LSM trees are designed to achieve higher throughput and are used as the storage engine of various DB such as HBase, Cassandra, LevelDB, SQLite. As the name suggests, writes are made to log files in append-only mode. These logs files are merged and compacted in the background and indexed for efficient search.

To discuss how LSTM work’s let’s understand few basics:

1. Log storage
2. Segment
3. Segment Merge
4. Memtable
5. SSTable
6. WAL

Log storage – As the name suggests it is an append-only file where any new data is appended to the file. The file contains key-value pairs. Where key is the record key and value is the data. Since the file is append only, the log file can contain multiple records for the same key as an update to the existing the key.

Segment – Continuous appending to the log file, can make file size big and eventually running out of disk space. One good solution is to break log into segments of a certain size.
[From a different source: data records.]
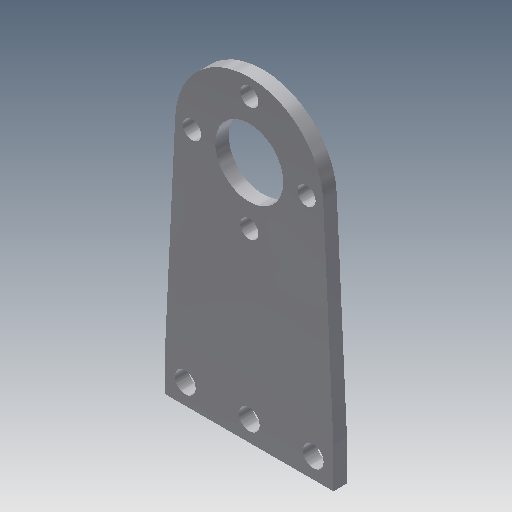
# Autodesk Inventor part: 足裏_メインフレーム_1_1
Saved by Autodesk Inventor 2017.3 (Build 213256000, 256)
## iProperties
Created: 2016-05-01
Part Number: 足裏_メインフレーム_1_1
Material: アルミニウム 2014-T4
Document SubType Name: Modeling
Designer: hiroaki
Density: 2.8 g/cm^3
Appearance: サテン
Mass: 5.15095 g
Surface Area: 22.9264 cm^2
Volume: 1.83962 cm^3
Author: hiroaki
Autodesk Inventor part; units mm, degrees
ref_plane "YZ Plane" through (0, 0, 0) normal (1, 0, 0) x (0, 1, 0)
ref_plane "XZ Plane" through (0, 0, 0) normal (0, 1, 0) x (-1, 0, 0)
ref_plane "XY Plane" through (0, 0, 0) normal (0, 0, 1) x (1, 0, 0)
derived "足裏_基礎_1.ipt"
sketch "スケッチ1" plane through (0, 0, 0) normal (0, 0, 1) x (1, 0, 0)
  circle A0 centre (0, 0) radius 5.05
  line L0 (-21.25, 26.6) -> (21.25, 26.6) construction
  line L1 (21.25, 26.6) -> (21.25, -16) construction
  line L2 (21.25, -16) -> (-21.25, -16) construction
  line L3 (-21.25, -16) -> (-21.25, 26.6) construction
  circle A1 centre (0, 0) radius 26.6 construction
  line L4 (-12.5, -36) -> (12.5, -36)
  line L5 (12.5, -36) -> (12.5, -30)
  line L6 (12.5, -30) -> (10.9865, 0.5444)
  line L7 (-12.5, -36) -> (-12.5, -30)
  line L8 (-12.5, -30) -> (-10.9865, 0.5444)
  arc A2 (10.9865, 0.5444) -> (-10.9865, 0.5444) centre (0, 0) ccw
  line L9 (12.5, -30) -> (-12.5, -30) construction
  circle A3 centre (0, 8.5) radius 1.35
  circle A4 centre (0, 8.5) radius 2.5 construction
  circle A5 centre (-8.5, 0) radius 1.35
  circle A6 centre (0, -8.5) radius 1.35
  circle A7 centre (8.5, 0) radius 1.35
  circle A8 centre (-9.5, -33) radius 1.55
  circle A9 centre (0, -33) radius 1.55
  circle A10 centre (9.5, -33) radius 1.55
  line L10 (-12.5, -33) -> (12.5, -33) construction
  line L11 (0, 0) -> (0, -30) construction
  line L12 (-6.3, -30) -> (-3.2, -30) construction
  line L13 (-3.2, -30) -> (-3.2, -36) construction
  line L14 (-3.2, -36) -> (-6.3, -36) construction
  line L15 (-6.3, -36) -> (-6.3, -30) construction
  line L16 (3.2, -30) -> (6.3, -30) construction
  line L17 (6.3, -30) -> (6.3, -36) construction
  line L18 (6.3, -36) -> (3.2, -36) construction
  line L19 (3.2, -36) -> (3.2, -30) construction
  line L20 (-4.75, -30) -> (-4.75, -36) construction
  line L21 (4.75, -30) -> (4.75, -36) construction
  point P0 (0, 26.6)
  point P1 (0, -36)
extrude "押し出し1" add sketch "スケッチ1" along normal blind 2

Segment Merge –  Since the files size are small these files can be merged at a regular time for compaction. The merging and compaction can be done as background thread while regular operations are performed. After the merging process is completed switch can be done to read from the new segments, replacing the old segments(which can be deleted). During the merge process multiple records with the same key are converged into a single record.

Source : Wikipedia

SSTable – Sorted String Table is a concept borrowed from Google BigTable which stores a set of immutable row fragments in sorted order based on row keys. It is a log file but with keys sorted.

Write Ahead Log – Write ahead log is a technique where the request received for write is first written into a separate file residing on the disk. The helps from crash recovery where the data from the file can be replayed and inserted.

Write Amplification – Log structured indexes also rewrite data multiple times due to repeated compaction and merging of SSTables. This effect of one write to the database resulting in multiple writes to the disk over course of the database’s lifetime – is known as write amplification.

How does read/write works for LGSTM?

• When a write request comes, it is added to an in-memory balanced tree data structure (eg red-black tree). This in memory tree, is sometimes referred as memtable.
• Along with request added to in-memory balanced tree the request is also logged in a WAL (on disk). The log helps to recover in case system or the process crashes.
• When the memtable gets bigger than some threshold it is flushed to disk as a SSTable file. This is done efficiently because tree already maintains a sorted key-value pair. The becomes the most recent segment of the database. During the operation of flushing to the disk, write operation continues as normal. Even with compaction reads will still need to visit many files. Most implementations void this through the use of a Bloom filter. Bloom filters are a memory efficient way of working out whether a file contains a key.
• To server the read request, first key is searched in memtable then the most recent on-disk segment and so on in the next older segment.
• The merging and compaction of the segment happens in the background.

Advantages of  LSM

• LSM trees are typically able to sustain higher write throughput than B-trees, partly because it has lower write amplification and partly because they sequentially write in the form of compact SST tables files rather than having to overwrite several pages in the tree.
• LSM can be compressed better and thus often produce smaller files on disk than B-trees.
• B-tree storage engines leave some disk space unused due to fragmentation: when a page is split or when a row cannot fit into an existing page. Since LSM are not page oriented and writes are sequential the storage overhead is low.

Disadvantage of LSM

• The compaction process of LSM can sometime interfere with the performance of ongoing reads and writes. When writing to an empty database, the full disk bandwidth can be used for initial write but bigger the database gets, the more disk bandwidth is required for compaction.
• An advantage of B-trees is that each key exists in exactly one place in the index whereas a log-structured storage engine may have multiple copies of the same key in different segments.